Le soleil tapait comme un forgeron sur l’enclume du désert. Deux hommes y marchaient côte à côte, leurs ombres fusionnant dans la lumière aveuglante. Ils portaient la même gourde vide, le même rire éraillé, la même certitude : rien ne pourrait les séparer.
Puis vint la soif.
Elle glissa entre eux comme un serpent, transformant les regards en défis, les silences en reproches. Une discussion banale devint querelle, la querelle devint tempête. Et dans un éclair de colère, l’un des amis leva la main.
Le coup résonna comme un coup de feu dans l’immensité silencieuse.
Puis, aussi vite que la violence était venue, vint la honte.
— "Pardonne-moi", balbutia l’agresseur, la voix ravagée.
L’autre, la joue brûlante, se baissa. Du bout des doigts, il traça dans le sable :
"Mon meilleur ami m’a frappé."
L’Oasis Trompeuse
Quand ils la virent, ils crurent à un mirage : une étendue d’eau paisible, frangée de palmiers. L’ami offensé courut en premier – et le sol se déroba sous ses pieds.
Sables mouvants.
Il enfonça jusqu’à la taille, puis à la poitrine, paralysé par cette étreinte gluante. Son ami, sans hésiter, se jeta à plat ventre, tendant sa ceinture en guise de corde. Les muscles bandés, la bouche pleine de poussière, il lutta contre le désert qui voulait lui voler son frère.
Quand il l’extirpa enfin, ils restèrent un long moment allongés côte à côte, haletants.

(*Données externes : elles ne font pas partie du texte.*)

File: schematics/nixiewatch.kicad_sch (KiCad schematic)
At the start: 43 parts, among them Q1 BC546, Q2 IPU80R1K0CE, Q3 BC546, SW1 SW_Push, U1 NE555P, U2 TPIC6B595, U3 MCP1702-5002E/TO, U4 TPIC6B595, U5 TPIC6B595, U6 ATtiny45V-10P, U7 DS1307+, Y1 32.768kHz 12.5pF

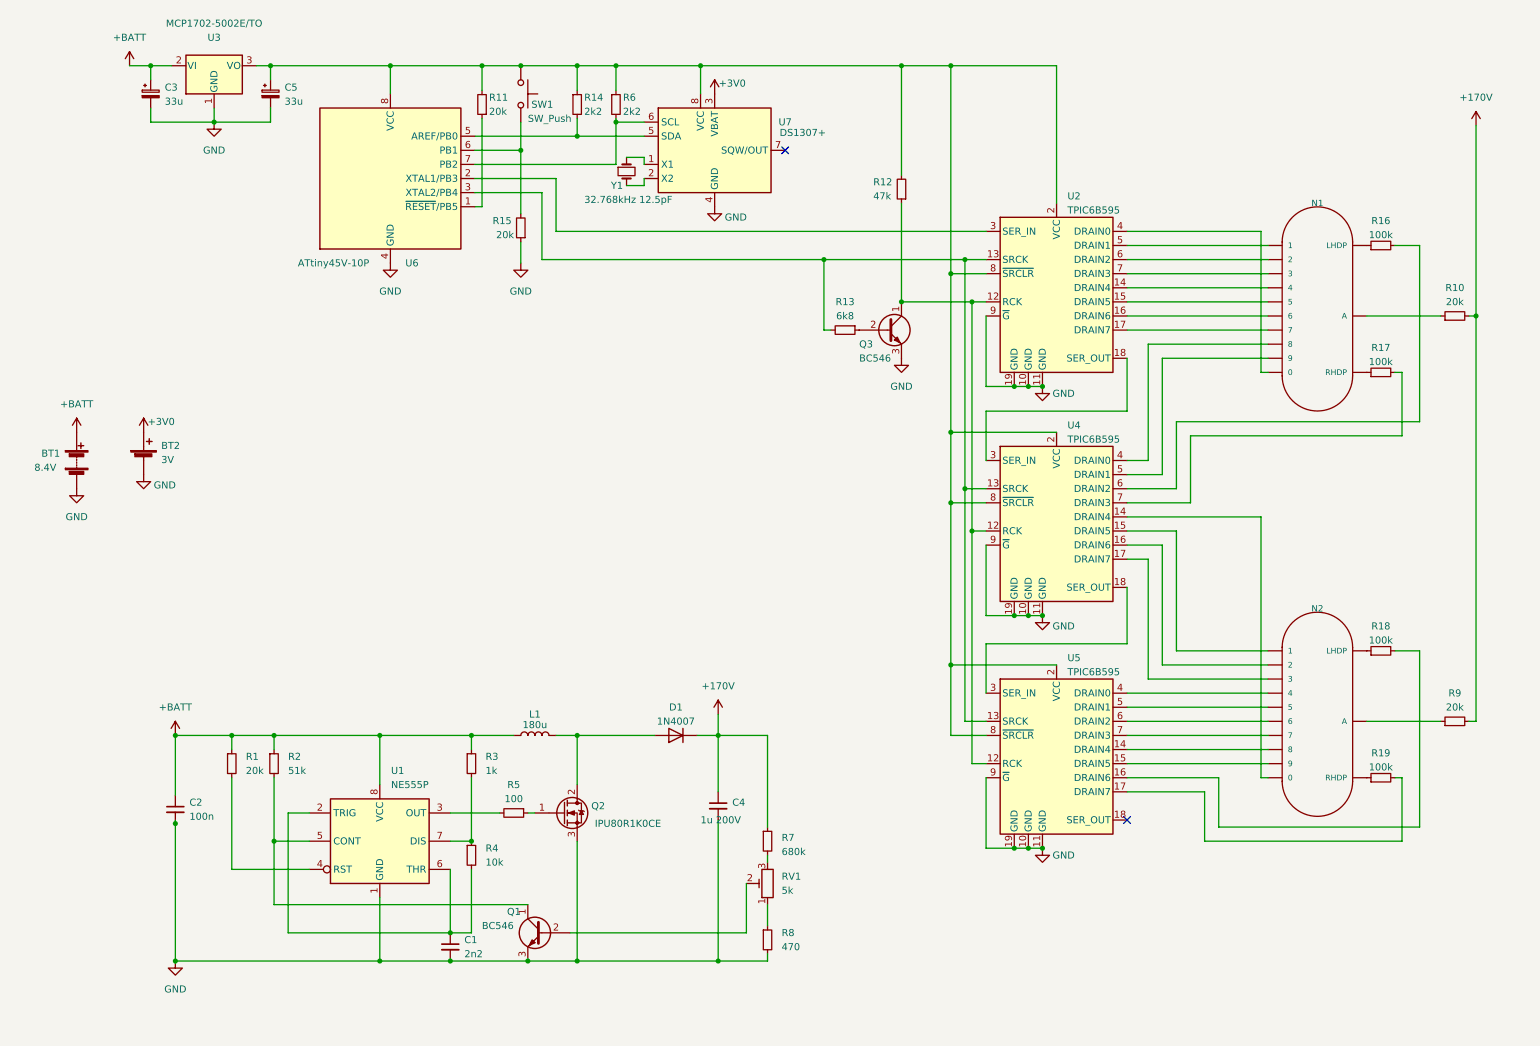
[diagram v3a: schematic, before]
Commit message: cleaned up the schematic
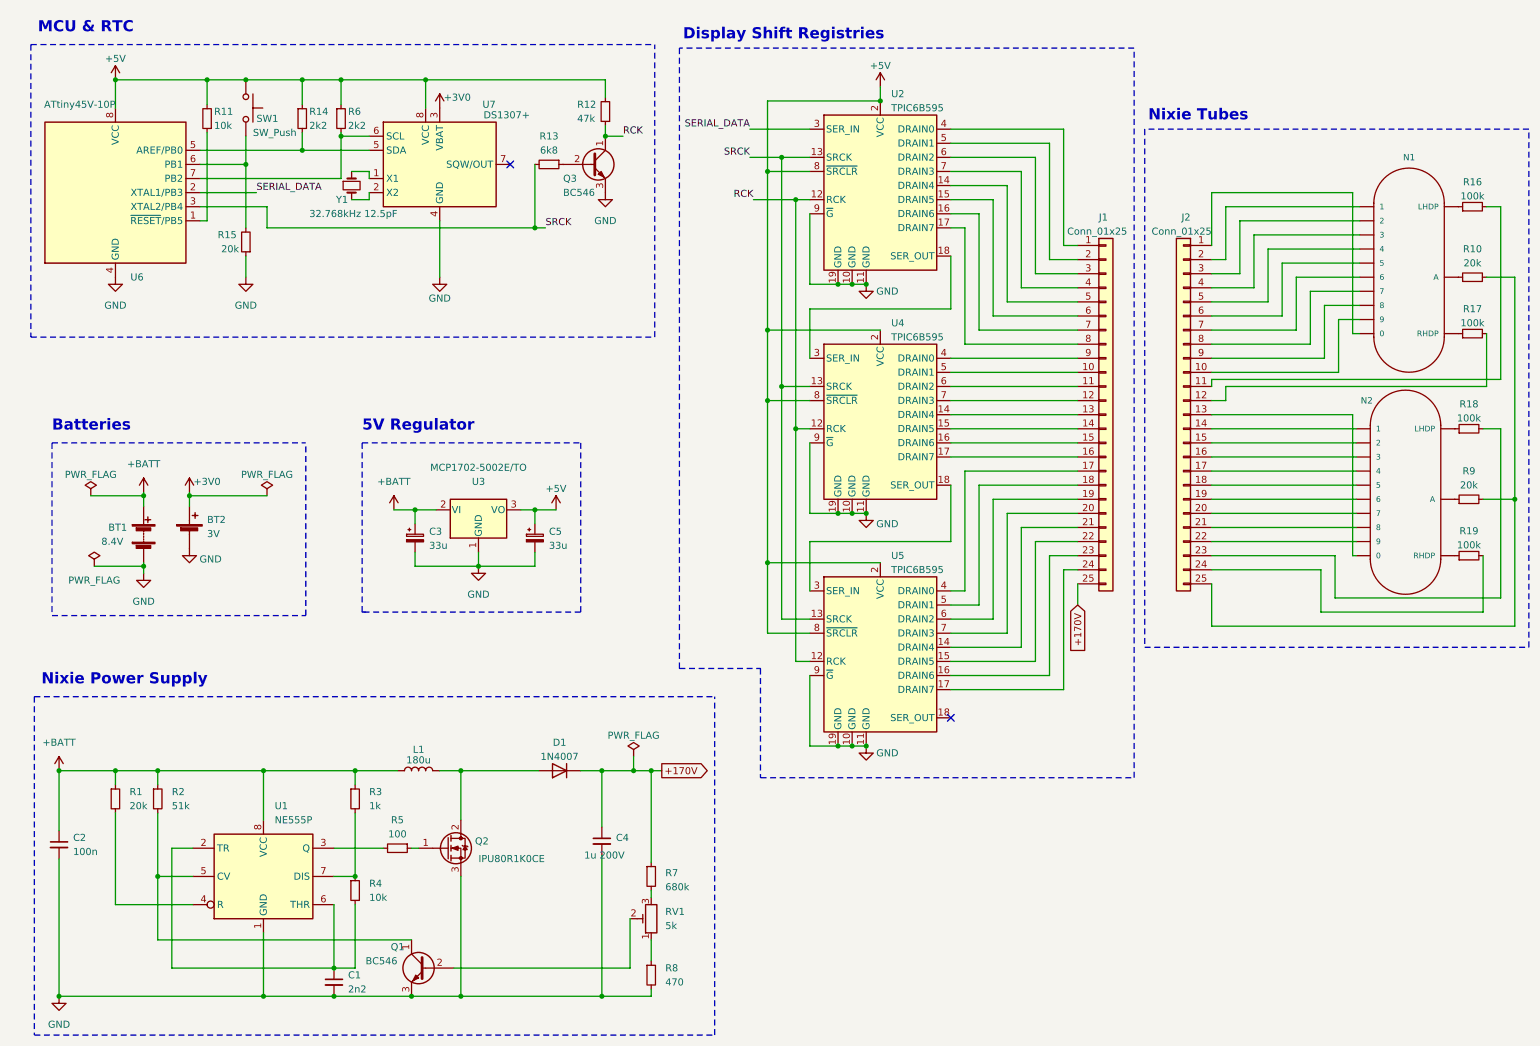
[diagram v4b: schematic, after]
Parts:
- added J1, J2: Conn_01x25, Connector_PinHeader_2.00mm:PinHeader_1x25_P2.00mm_Vertical, symbol Connector_Generic:Conn_01x25
- R11: value 20k -> 10k
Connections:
- net +170V: now also J1.25 (Pin_25); no longer R10.2, R9.2
- net +5V: now reaches C5.1, R11.2, R12.2, R14.1, R6.1, SW1.1, U2.2 (VCC), U2.8 (~{SRCLR}), U3.3 (VO), U4.2 (VCC), U4.8 (~{SRCLR}), U5.2 (VCC), U5.8 (~{SRCLR}), U6.8 (VCC), U7.8 (VCC)
- net RCK: now reaches Q3.1 (C), R12.1, U2.12 (RCK), U4.12 (RCK), U5.12 (RCK)
- net SRCK: now reaches R13.2, U2.13 (SRCK), U4.13 (SRCK), U5.13 (SRCK), U6.3 (XTAL2/PB4)
- net at U4.14 (DRAIN4): now also J1.13 (Pin_13); no longer N2.0
- net at U4.15 (DRAIN5): now also J1.14 (Pin_14); no longer N2.1
- net at U4.16 (DRAIN6): now also J1.15 (Pin_15); no longer N2.2
- net at U4.17 (DRAIN7): now also J1.16 (Pin_16); no longer N2.3
- net at U4.4 (DRAIN0): now also J1.9 (Pin_9); no longer N1.8
- net at U4.5 (DRAIN1): now also J1.10 (Pin_10); no longer N1.9
- net at U4.6 (DRAIN2): now also J1.11 (Pin_11); no longer R16.2
- net at U4.7 (DRAIN3): now also J1.12 (Pin_12); no longer R17.2
- net at N2.8: now also J2.21 (Pin_21); no longer U5.14 (DRAIN4)
- net at N2.9: now also J2.22 (Pin_22); no longer U5.15 (DRAIN5)
- net at R18.2: now also J2.23 (Pin_23); no longer U5.16 (DRAIN6)
- net at R19.2: now also J2.24 (Pin_24); no longer U5.17 (DRAIN7)
- net at N2.4: now also J2.17 (Pin_17); no longer U5.4 (DRAIN0)
- net at N2.5: now also J2.18 (Pin_18); no longer U5.5 (DRAIN1)
- net at N2.6: now also J2.19 (Pin_19); no longer U5.6 (DRAIN2)
- net at N2.7: now also J2.20 (Pin_20); no longer U5.7 (DRAIN3)
- net at N1.4: now also J2.5 (Pin_5); no longer U2.14 (DRAIN4)
- net at N1.5: now also J2.6 (Pin_6); no longer U2.15 (DRAIN5)
- net at N1.6: now also J2.7 (Pin_7); no longer U2.16 (DRAIN6)
- net at N1.7: now also J2.8 (Pin_8); no longer U2.17 (DRAIN7)
- net SERIAL_DATA: now reaches U2.3 (SER_IN), U6.2 (XTAL1/PB3)
- net at N1.0: now also J2.1 (Pin_1); no longer U2.4 (DRAIN0)
- net at N1.1: now also J2.2 (Pin_2); no longer U2.5 (DRAIN1)
- net at N1.2: now also J2.3 (Pin_3); no longer U2.6 (DRAIN2)
- net at N1.3: now also J2.4 (Pin_4); no longer U2.7 (DRAIN3)
- new net: J2.10 (Pin_10), N1.9
- new net: J2.11 (Pin_11), R16.2
- new net: J2.12 (Pin_12), R17.2
- new net: J2.13 (Pin_13), N2.0
- new net: J2.14 (Pin_14), N2.1
- new net: J2.15 (Pin_15), N2.2
- new net: J2.16 (Pin_16), N2.3
- new net: J2.25 (Pin_25), R10.2, R9.2
- new net: J2.9 (Pin_9), N1.8
- new net: J1.21 (Pin_21), U5.14 (DRAIN4)
- new net: J1.22 (Pin_22), U5.15 (DRAIN5)
- new net: J1.23 (Pin_23), U5.16 (DRAIN6)
- new net: J1.24 (Pin_24), U5.17 (DRAIN7)
- new net: J1.17 (Pin_17), U5.4 (DRAIN0)
- new net: J1.18 (Pin_18), U5.5 (DRAIN1)
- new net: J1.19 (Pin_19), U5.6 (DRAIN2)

Puis l’homme sauvé prit un caillou et grava sur un rocher :
"Mon meilleur ami m’a sauvé la vie."
— "Pourquoi ?" demanda l’autre, désignant tour à tour le message sur le sable et celui sur la pierre.
La réponse vint, portée par le vent chaud :
— "Les blessures doivent s’envoler comme des plumes. Les dettes de sang doivent peser comme des montagnes."